(Data under study begins)

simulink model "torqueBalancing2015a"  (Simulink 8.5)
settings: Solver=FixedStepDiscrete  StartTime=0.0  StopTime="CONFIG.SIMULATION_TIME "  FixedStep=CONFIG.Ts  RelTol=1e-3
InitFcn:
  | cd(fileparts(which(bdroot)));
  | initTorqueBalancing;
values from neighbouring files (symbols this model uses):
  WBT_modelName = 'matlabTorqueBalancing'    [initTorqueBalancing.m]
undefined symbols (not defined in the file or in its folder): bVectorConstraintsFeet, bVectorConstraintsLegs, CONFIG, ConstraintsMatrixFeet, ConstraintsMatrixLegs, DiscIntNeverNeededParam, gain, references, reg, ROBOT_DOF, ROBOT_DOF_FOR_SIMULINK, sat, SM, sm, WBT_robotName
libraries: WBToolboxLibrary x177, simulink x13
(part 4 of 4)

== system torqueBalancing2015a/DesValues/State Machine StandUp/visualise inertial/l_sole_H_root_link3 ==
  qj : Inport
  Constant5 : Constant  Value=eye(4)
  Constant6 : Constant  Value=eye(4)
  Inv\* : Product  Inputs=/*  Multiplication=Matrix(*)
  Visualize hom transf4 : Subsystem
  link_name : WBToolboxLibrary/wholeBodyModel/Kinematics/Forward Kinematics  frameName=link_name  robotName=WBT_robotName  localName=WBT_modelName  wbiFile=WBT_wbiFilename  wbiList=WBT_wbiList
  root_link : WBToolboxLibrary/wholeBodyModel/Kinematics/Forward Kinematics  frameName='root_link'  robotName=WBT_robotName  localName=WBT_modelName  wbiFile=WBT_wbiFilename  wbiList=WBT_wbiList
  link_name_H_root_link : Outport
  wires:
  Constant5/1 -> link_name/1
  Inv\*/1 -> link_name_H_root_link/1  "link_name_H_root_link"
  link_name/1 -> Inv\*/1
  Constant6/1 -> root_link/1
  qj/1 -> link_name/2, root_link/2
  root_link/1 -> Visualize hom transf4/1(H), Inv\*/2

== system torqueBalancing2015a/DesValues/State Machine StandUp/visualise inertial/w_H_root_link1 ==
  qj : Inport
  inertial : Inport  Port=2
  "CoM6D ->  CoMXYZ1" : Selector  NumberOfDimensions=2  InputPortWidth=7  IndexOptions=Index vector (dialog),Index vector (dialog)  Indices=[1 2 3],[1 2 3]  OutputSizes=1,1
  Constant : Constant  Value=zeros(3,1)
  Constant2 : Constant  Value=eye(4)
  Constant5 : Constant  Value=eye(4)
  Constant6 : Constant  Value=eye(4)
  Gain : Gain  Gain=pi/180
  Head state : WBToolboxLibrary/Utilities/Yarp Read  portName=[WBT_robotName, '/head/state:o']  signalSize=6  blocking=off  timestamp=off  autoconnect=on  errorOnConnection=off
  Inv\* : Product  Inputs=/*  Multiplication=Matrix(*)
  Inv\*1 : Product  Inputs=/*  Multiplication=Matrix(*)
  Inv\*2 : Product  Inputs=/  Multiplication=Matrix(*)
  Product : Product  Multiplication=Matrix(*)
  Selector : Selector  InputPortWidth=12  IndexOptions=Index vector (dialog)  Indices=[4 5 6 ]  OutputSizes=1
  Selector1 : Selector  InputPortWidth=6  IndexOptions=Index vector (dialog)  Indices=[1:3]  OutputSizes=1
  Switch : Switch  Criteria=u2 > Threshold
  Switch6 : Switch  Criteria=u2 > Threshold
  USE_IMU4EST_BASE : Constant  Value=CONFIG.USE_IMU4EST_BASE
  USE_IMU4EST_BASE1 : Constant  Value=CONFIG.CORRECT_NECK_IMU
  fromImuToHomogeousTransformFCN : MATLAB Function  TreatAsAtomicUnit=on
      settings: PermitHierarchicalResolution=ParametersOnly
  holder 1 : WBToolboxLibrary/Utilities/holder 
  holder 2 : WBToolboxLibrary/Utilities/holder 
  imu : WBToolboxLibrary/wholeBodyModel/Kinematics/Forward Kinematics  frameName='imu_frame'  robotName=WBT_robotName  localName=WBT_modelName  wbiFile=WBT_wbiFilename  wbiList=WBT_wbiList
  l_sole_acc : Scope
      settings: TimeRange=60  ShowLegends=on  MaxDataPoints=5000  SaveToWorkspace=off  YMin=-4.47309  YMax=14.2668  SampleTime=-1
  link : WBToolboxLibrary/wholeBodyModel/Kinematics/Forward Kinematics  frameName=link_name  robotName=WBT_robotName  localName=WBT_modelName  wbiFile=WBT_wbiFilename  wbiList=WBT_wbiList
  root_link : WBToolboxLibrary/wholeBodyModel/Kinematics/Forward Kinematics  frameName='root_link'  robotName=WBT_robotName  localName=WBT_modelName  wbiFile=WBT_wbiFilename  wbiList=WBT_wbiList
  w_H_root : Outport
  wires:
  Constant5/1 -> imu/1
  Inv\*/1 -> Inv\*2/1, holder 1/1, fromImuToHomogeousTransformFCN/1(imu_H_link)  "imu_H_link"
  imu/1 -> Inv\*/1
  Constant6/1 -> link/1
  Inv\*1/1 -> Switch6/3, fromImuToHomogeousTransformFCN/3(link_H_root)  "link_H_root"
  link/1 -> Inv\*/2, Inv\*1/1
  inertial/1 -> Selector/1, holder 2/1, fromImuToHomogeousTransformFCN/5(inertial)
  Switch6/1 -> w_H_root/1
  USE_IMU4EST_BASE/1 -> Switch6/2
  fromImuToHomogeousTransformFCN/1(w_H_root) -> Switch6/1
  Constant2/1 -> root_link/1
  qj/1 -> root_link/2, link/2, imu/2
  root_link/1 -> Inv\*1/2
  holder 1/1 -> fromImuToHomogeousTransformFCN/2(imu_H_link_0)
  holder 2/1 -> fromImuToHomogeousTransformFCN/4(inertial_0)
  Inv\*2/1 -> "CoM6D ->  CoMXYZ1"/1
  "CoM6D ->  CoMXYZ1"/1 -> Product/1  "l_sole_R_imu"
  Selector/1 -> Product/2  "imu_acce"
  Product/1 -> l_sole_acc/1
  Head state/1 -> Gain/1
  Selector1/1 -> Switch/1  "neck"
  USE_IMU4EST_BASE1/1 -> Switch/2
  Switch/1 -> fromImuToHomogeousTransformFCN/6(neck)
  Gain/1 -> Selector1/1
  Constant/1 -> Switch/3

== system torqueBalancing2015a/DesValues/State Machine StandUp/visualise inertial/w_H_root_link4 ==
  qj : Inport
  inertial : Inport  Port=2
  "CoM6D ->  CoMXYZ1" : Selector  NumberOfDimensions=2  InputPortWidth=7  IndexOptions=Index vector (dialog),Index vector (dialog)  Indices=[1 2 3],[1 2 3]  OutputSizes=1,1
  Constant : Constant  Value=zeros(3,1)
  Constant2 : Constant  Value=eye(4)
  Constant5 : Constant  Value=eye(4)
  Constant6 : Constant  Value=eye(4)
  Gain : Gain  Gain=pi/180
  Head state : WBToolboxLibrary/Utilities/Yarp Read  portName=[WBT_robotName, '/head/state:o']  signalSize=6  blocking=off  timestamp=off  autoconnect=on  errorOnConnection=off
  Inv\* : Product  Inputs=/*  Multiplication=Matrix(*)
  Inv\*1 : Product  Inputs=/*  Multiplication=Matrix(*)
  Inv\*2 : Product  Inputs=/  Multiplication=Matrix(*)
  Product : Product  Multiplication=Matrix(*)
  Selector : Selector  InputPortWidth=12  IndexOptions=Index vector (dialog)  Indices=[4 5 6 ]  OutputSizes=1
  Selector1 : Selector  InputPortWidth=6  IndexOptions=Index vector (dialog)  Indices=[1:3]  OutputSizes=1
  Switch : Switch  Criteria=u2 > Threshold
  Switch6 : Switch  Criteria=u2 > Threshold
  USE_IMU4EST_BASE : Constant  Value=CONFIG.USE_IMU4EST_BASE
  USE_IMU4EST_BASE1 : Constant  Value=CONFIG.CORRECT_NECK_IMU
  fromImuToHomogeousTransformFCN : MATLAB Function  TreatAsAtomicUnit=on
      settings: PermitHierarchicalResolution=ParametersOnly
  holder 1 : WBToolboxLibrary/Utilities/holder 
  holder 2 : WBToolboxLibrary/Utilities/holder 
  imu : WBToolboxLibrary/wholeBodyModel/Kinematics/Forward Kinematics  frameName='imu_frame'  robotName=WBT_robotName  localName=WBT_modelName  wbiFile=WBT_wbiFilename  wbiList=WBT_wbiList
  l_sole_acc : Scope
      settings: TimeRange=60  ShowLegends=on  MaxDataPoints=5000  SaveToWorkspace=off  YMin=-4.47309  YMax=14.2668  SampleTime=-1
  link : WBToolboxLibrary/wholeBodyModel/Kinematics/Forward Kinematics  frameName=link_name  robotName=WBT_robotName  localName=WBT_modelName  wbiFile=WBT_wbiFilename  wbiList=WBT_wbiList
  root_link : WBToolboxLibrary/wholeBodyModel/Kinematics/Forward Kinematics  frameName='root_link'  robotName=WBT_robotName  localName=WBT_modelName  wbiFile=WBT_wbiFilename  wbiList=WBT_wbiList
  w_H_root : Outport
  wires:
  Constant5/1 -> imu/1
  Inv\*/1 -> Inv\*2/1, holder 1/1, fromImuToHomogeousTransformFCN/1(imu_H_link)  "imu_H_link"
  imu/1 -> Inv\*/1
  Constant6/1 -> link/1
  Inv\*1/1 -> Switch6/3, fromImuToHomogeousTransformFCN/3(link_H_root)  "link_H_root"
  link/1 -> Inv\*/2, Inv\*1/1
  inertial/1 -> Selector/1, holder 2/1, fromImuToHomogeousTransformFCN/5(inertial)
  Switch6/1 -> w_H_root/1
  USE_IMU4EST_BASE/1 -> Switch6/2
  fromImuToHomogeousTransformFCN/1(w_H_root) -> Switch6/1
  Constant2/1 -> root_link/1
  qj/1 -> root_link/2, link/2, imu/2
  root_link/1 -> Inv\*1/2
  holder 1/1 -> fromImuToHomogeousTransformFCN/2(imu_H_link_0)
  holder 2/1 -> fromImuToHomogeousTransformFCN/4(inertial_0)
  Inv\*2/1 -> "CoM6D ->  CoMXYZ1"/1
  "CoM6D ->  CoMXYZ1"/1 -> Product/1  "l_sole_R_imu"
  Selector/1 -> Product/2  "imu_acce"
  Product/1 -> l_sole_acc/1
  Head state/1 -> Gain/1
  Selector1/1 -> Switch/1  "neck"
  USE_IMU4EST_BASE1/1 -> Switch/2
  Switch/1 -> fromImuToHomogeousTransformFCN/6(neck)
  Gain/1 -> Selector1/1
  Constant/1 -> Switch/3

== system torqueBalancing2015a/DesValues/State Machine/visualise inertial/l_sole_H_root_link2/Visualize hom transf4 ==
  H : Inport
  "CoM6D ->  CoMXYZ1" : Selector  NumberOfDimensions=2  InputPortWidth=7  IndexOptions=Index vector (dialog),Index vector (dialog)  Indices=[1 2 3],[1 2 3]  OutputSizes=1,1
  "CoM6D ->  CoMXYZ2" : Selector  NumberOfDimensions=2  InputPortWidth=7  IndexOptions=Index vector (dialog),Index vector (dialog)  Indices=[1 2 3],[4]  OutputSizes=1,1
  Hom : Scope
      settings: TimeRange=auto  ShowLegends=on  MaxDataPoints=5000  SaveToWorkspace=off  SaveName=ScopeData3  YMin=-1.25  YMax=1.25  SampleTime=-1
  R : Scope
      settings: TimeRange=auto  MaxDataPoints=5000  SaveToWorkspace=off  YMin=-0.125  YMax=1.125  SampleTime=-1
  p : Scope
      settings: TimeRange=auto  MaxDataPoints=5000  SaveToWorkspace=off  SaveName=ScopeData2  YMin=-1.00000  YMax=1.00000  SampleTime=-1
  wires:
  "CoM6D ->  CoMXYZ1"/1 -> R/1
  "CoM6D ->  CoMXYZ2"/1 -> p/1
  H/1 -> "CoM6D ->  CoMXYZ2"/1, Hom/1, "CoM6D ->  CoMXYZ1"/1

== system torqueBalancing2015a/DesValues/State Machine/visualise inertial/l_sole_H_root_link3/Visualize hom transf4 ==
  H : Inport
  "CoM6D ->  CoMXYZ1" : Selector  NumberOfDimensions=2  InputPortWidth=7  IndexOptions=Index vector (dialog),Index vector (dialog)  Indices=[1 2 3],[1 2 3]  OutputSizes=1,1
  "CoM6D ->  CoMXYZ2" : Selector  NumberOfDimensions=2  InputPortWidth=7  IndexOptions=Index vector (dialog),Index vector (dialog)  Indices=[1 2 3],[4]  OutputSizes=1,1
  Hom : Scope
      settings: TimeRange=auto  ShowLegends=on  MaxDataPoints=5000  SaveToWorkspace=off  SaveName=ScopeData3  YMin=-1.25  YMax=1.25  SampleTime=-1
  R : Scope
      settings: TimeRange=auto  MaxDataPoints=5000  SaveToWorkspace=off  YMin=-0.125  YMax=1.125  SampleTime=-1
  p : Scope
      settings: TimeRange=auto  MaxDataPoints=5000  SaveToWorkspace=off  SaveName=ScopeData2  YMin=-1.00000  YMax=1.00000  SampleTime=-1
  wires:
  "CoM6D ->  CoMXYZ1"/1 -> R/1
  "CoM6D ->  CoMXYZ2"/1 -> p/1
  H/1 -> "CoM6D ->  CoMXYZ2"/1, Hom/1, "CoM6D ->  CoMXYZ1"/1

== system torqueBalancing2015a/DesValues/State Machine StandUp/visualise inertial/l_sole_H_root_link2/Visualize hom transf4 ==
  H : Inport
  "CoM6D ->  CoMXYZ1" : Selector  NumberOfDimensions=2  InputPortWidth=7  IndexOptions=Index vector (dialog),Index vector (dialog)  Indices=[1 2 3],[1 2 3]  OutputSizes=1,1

(Data under study ends)

Within the data above, filter for lines containing the word "Visualize" and copy each one.

--- Exercise answer ---
  Visualize hom transf4 : Subsystem
  root_link/1 -> Visualize hom transf4/1(H), Inv\*/2
== system torqueBalancing2015a/DesValues/State Machine/visualise inertial/l_sole_H_root_link2/Visualize hom transf4 ==
== system torqueBalancing2015a/DesValues/State Machine/visualise inertial/l_sole_H_root_link3/Visualize hom transf4 ==
== system torqueBalancing2015a/DesValues/State Machine StandUp/visualise inertial/l_sole_H_root_link2/Visualize hom transf4 ==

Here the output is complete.